So, they're saying the new low end WD Red drives are unfit for purpose. And
boy do they have a solution just ready and waiting to go.

Which presumably, uses the older CMR (eg normal) tech to do the same thing.
They probably just rebadged the older drive models that work. ;)

------
slipperyp
As I'm WFH next to my Synology and look down at my ESD bag-wrapped spare WD
Red, I can't help but be reminded of Peter Graves glancing down at his tray
with a perfectly cleaned fishbone in "Airplane!"

------
Springcleaning
"WD Red HDDs have for many years reliably powered home and small business NAS
systems" Yes, the non SMR ones."

You are misleading the consumer and should have called it WD Pink, because the
SMR drives are a totally different product.

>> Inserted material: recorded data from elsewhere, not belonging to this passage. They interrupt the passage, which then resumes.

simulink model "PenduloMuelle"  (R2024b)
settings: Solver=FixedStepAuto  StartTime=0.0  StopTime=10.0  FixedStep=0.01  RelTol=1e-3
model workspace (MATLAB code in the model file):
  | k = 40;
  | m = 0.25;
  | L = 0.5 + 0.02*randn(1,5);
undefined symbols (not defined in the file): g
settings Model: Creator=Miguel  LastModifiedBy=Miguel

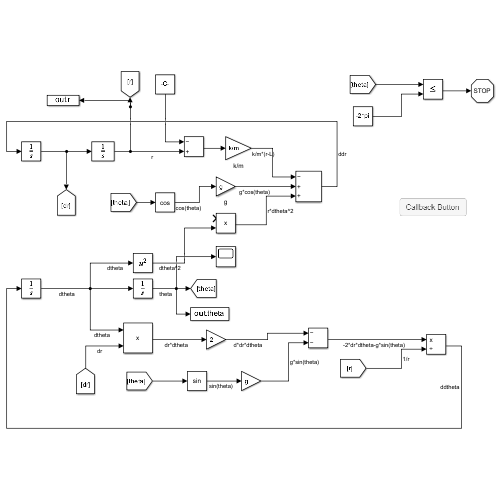
[thumbnail: Simulink's stored preview of the top-level diagram]
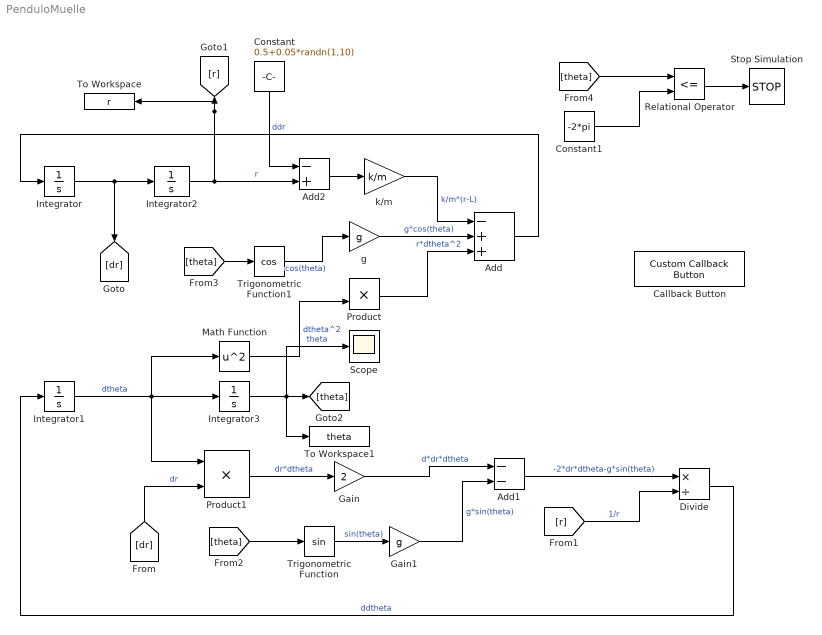
== system PenduloMuelle ==
  Add : Sum  Inputs=-++
  Add1 : Sum  Inputs=--
  Add2 : Sum  Inputs=-+
  Callback Button : CustomCallbackButton  Configuration="{\"components\":[{\"name\":\"BackgroundImageComponent\",\"settings\":{\"image\":{\"size\":[0,0],\"src\":\"default\",\"srcOrientation\":\"Right\"},\"position\":[0,0,1,1]}},{\"name\":\"ButtonStateComponent\",\"settings\":{\"buttonType\":\"momentary\",\"clickFcn\":\"r = out.r;\\ntheta = out.theta;\\nt = out.tout;\\n\\nfigure\\nplot(t,r,'b','linewidth',2)\\ngrid on\\nxlabel('Tiempo (s)')\\nylabel('r (m)')\\n\\nfigure\\nplot(t,theta,'LineWidth',2)\\ngrid on\\nxlabel('Tiempo (s)')\\nylabel('\\\\theta (rad)')\",\"onValue\":1,\"position\":[0,0,1,1],\"pressDelay\":\"500\",\"pressFcn\":\"\",\"repeatInterval\":\"0\",\"states\":[{\"horizontalAlignment\":\"center\",\"image\":{\"position\":[0,0,1,1],\"size\":[1,1],\"src\":\"default\",\"srcOrientation\":\"Right\"},\"label\":{\"color\":[0.01176470588,0.01176470588,0.01176470588,1],\"icon\":{\"size\":[0,0],\"src\":\"default\",\"srcOrientation\":\"Right\"},\"iconOffset\":0,\"iconPlacement\":\"left\",\"opacity\":1,\"show\":true,\"text\":{\"content\":\"Callback Button\",\"font\":\"Helvetica\"}},\"labelOffset\":[0,0],\"verticalAlignment\":\"middle\"},{\"horizontalAlignment\":\"center\",\"image\":{\"position\":[0,0,1,1],\"size\":[1,1],\"src\":\"default\",\"srcOrientation\":\"Right\"},\"label\":{\"color\":[0.01176470588,0.01176470588,0.01176470588,1],\"icon\":{\"size\":[0,0],\"src\":\"default\",\"srcOrientation\":\"Right\"},\"iconOffset\":0,\"iconPlacement\":\"left\",\"opacity\":1,\"show\":true,\"text\":{\"content\":\"Callback Button\",\"font\":\"Helvetica\"}},\"labelOffset\":[0,0],\"verticalAlignment\":\"middle\"},{\"horizontalAlignment\":\"center\",\"image\":{\"position\":[0,0,1,1],\"size\":[1,1],\"src\":\"default\",\"srcOrientation\":\"Right\"},\"label\":{\"color\":[0.01176470588,0.01176470588,0.01176470588,1],\"icon\":{\"size\":[0,0],\"src\":\"default\",\"srcOrientation\":\"Right\"},\"iconOffset\":0,\"iconPlacement\":\"left\",\"opacity\":1,\"show\":true,\"text\":{\"content\":\"Callback Button\",\"font\":\"Helvetica\"}},\"labelOffset\":[0,0],\"verticalAlignment\":\"middle\"},{\"horizontalAlignment\":\"center\",\"image\":{\"position\":[0,0,1,1],\"size\":[1,1],\"src\":\"default\",\"srcOrientation\":\"Right\"},\"label\":{\"color\":[0.01176470588,0.01176470588,0.01176470588,1],\"icon\":{\"size\":[0,0],\"src\":\"default\",\"srcOrientation\":\"Right\"},\"iconOffset\":0,\"iconPlacement\":\"left\",\"opacity\":1,\"show\":true,\"text\":{\"content\":\"Callback Button\",\"font\":\"Helvetica\"}},\"labelOffset\":[0,0],\"verticalAlignment\":\"middle\"}]}},{\"name\":\"ForegroundImageComponent\",\"settings\":{\"image\":{\"size\":[0,0],\"src\":\"default\",\"srcOrientation\":\"Right\"},\"isForeground\":1,\"position\":[0,0,1,1]}}],\"settings\":{\"BindingType\":\"standalone\",\"backgroundColor\":[244,244,244,1],\"backgroundOffset\":0.2,\"backgroundOpacity\":1,\"fixedAspectRatio\":\"off\",\"foregroundColor\":[0.01176470588,0.01176470588,0.01176470588,1],\"migratedFromLegacy\":true,\"useBackgroundColor\":true,\"variant\":\"callback\",\"version\":\"R2023a\"},\"type\":\"Button\"}"  CustomBackgroundColor="{\"color\":[0.9568627451,0.9568627451,0.9568627451],\"show\":true}"
  Constant : Constant  Value=0.5+0.05*randn(1,10)
  Constant1 : Constant  Value=-2*pi
  Divide : Product  Inputs=*/
  Gain : Gain  Gain=2
  Gain1 : Gain  Gain=g
  Integrator : Integrator  InitialCondition=-0.5
  Integrator1 : Integrator
  Integrator2 : Integrator  InitialCondition=L
  Integrator3 : Integrator  InitialCondition=(60*pi/180)
  Math Function : Math  Operator=square
  Product : Product
  Product1 : Product
  Relational Operator : RelationalOperator  Operator=<=  OutDataTypeStr=boolean  RndMeth=Simplest  InputSameDT=off
  Scope : Scope
  Stop Simulation : Stop
  To Workspace : ToWorkspace  VariableName=r  SampleTime=-1
  To Workspace1 : ToWorkspace  VariableName=theta  SampleTime=-1
  Trigonometric Function : Trigonometry
  Trigonometric Function1 : Trigonometry  Operator=cos
  g : Gain  Gain=g
  k/m : Gain  Gain=k/m
  wires:
  Integrator1/1 -> Integrator3/1, Product1/1, Math Function/1  "dtheta"
  Math Function/1 -> Product/2  "dtheta^2"
  Product/1 -> Add/3  "r*dtheta^2"
  k/m/1 -> Add/1  "k/m*(r-L)"
  Add/1 -> Integrator/1  "ddr"
  Integrator/1 -> [dr], Integrator2/1
  [dr] -> Product1/2  "dr"
  Product1/1 -> Gain/1  "dr*dtheta"
  Gain/1 -> Add1/1  "d*dr*dtheta"
  Add1/1 -> Divide/1  "-2*dr*dtheta-g*sin(theta)"
  Integrator2/1 -> Add2/2, To Workspace/1, [r]  "r"
  [r] -> Divide/2  "1/r"
  Divide/1 -> Integrator1/1  "ddtheta"
  Integrator3/1 -> Scope/1, To Workspace1/1, [theta]  "theta"
  [theta] -> Trigonometric Function/1
  Trigonometric Function/1 -> Gain1/1  "sin(theta)"
  Gain1/1 -> Add1/2  "g*sin(theta)"
  [theta] -> Trigonometric Function1/1
  Trigonometric Function1/1 -> g/1  "cos(theta)"
  g/1 -> Add/2  "g*cos(theta)"
  Add2/1 -> k/m/1
  Constant/1 -> Add2/1
  [theta] -> Relational Operator/1
  Constant1/1 -> Relational Operator/2
  Relational Operator/1 -> Stop Simulation/1
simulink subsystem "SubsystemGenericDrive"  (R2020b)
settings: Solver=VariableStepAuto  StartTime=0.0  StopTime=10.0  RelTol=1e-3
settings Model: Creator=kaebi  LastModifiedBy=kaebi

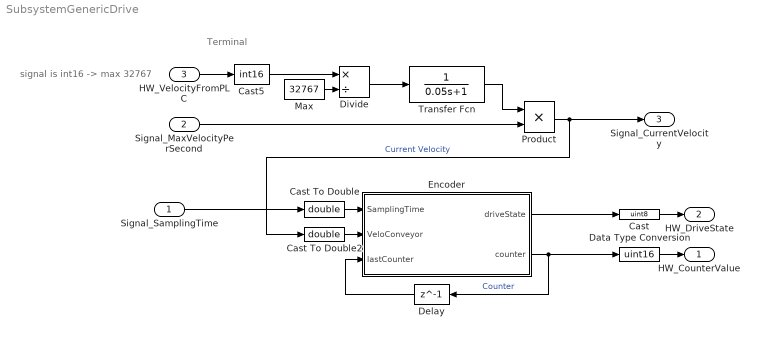
== system SubsystemGenericDrive ==
  note: signal is int16 -> max 32767
  note: Terminal
  Signal_SamplingTime : Inport
  Signal_MaxVelocityPerSecond : Inport  Port=2
  HW_VelocityFromPLC : Inport  Port=3
  Cast : DataTypeConversion  OutDataTypeStr=uint8
  Cast To Double : DataTypeConversion  OutDataTypeStr=double
  Cast To Double2 : DataTypeConversion  OutDataTypeStr=double
  Cast5 : DataTypeConversion  OutDataTypeStr=int16
  Data Type Conversion : DataTypeConversion  OutDataTypeStr=uint16  SaturateOnIntegerOverflow=on
  Delay : Delay  DelayLength=1
  Divide : Product  Inputs=*/
  Encoder : MATLAB Function  TreatAsAtomicUnit=on
  Max : Constant  Value=32767
  Product : Product
  Transfer Fcn : TransferFcn  Denominator=[0.05 1]
  HW_CounterValue : Outport
  HW_DriveState : Outport  Port=2
  Signal_CurrentVelocity : Outport  Port=3
  wires:
  Cast To Double2/1 -> Encoder/2(VeloConveyor)
  Encoder/2(counter) -> Delay/1, Data Type Conversion/1  "Counter"
  Product/1 -> Cast To Double2/1, Signal_CurrentVelocity/1  "Current Velocity"
  Data Type Conversion/1 -> HW_CounterValue/1
  Cast5/1 -> Divide/1
  Cast/1 -> HW_DriveState/1
  Delay/1 -> Encoder/3(lastCounter)
  Signal_MaxVelocityPerSecond/1 -> Product/2
  Transfer Fcn/1 -> Product/1
  Max/1 -> Divide/2
  Divide/1 -> Transfer Fcn/1
  Cast To Double/1 -> Encoder/1(SamplingTime)
  Signal_SamplingTime/1 -> Cast To Double/1
  Encoder/1(driveState) -> Cast/1
  HW_VelocityFromPLC/1 -> Cast5/1

== matlab function SubsystemGenericDrive/Encoder ==
  data: SamplingTime input; driveState output; VeloConveyor input; lastCounter input; counter output
function [driveState,counter] = GenericEncoderNew(SamplingTime, VeloConveyor, lastCounter)
%%
%    VeloConveyor in Unit/s
%    SamplingTime in s
%    lastCounter 1count = 0.0001 Unit

%%
driveState = uint8(0);
driveState = bitset(driveState,1,1);    % Ready to enable
driveState = bitset(driveState,2,1);    % Ready 
if (VeloConveyor > 0)
    driveState = bitset(driveState,5,1);    % Moving Positive
elseif (VeloConveyor < 0)
    driveState = bitset(driveState,6,1);    % Moving Negative
end

diff = VeloConveyor*SamplingTime*10000;
counter = mod(lastCounter+diff, 65535);

end

"If you have purchased a WD Red drive, please call our customer care if you
are experiencing performance or any other technical issues. We will have
options for you. We are here to help."

Other than refunding or providing a replacement non-SMR drive without extra
cost to the consumer are the only options.

------
arminiusreturns
You just have to look at the BackBlaze hdd reports to know WD has been out of
the game for a long time. What really upset me was when they bought HGST out
in 2012, but fortunately that management doesn't seem to have impacted the
HGST quality as much as I feared, but time will tell.

Also, stop using raid 5 people. The risk of failure cascades given the build
times on such large drives means it should be almost totally deprecated imho.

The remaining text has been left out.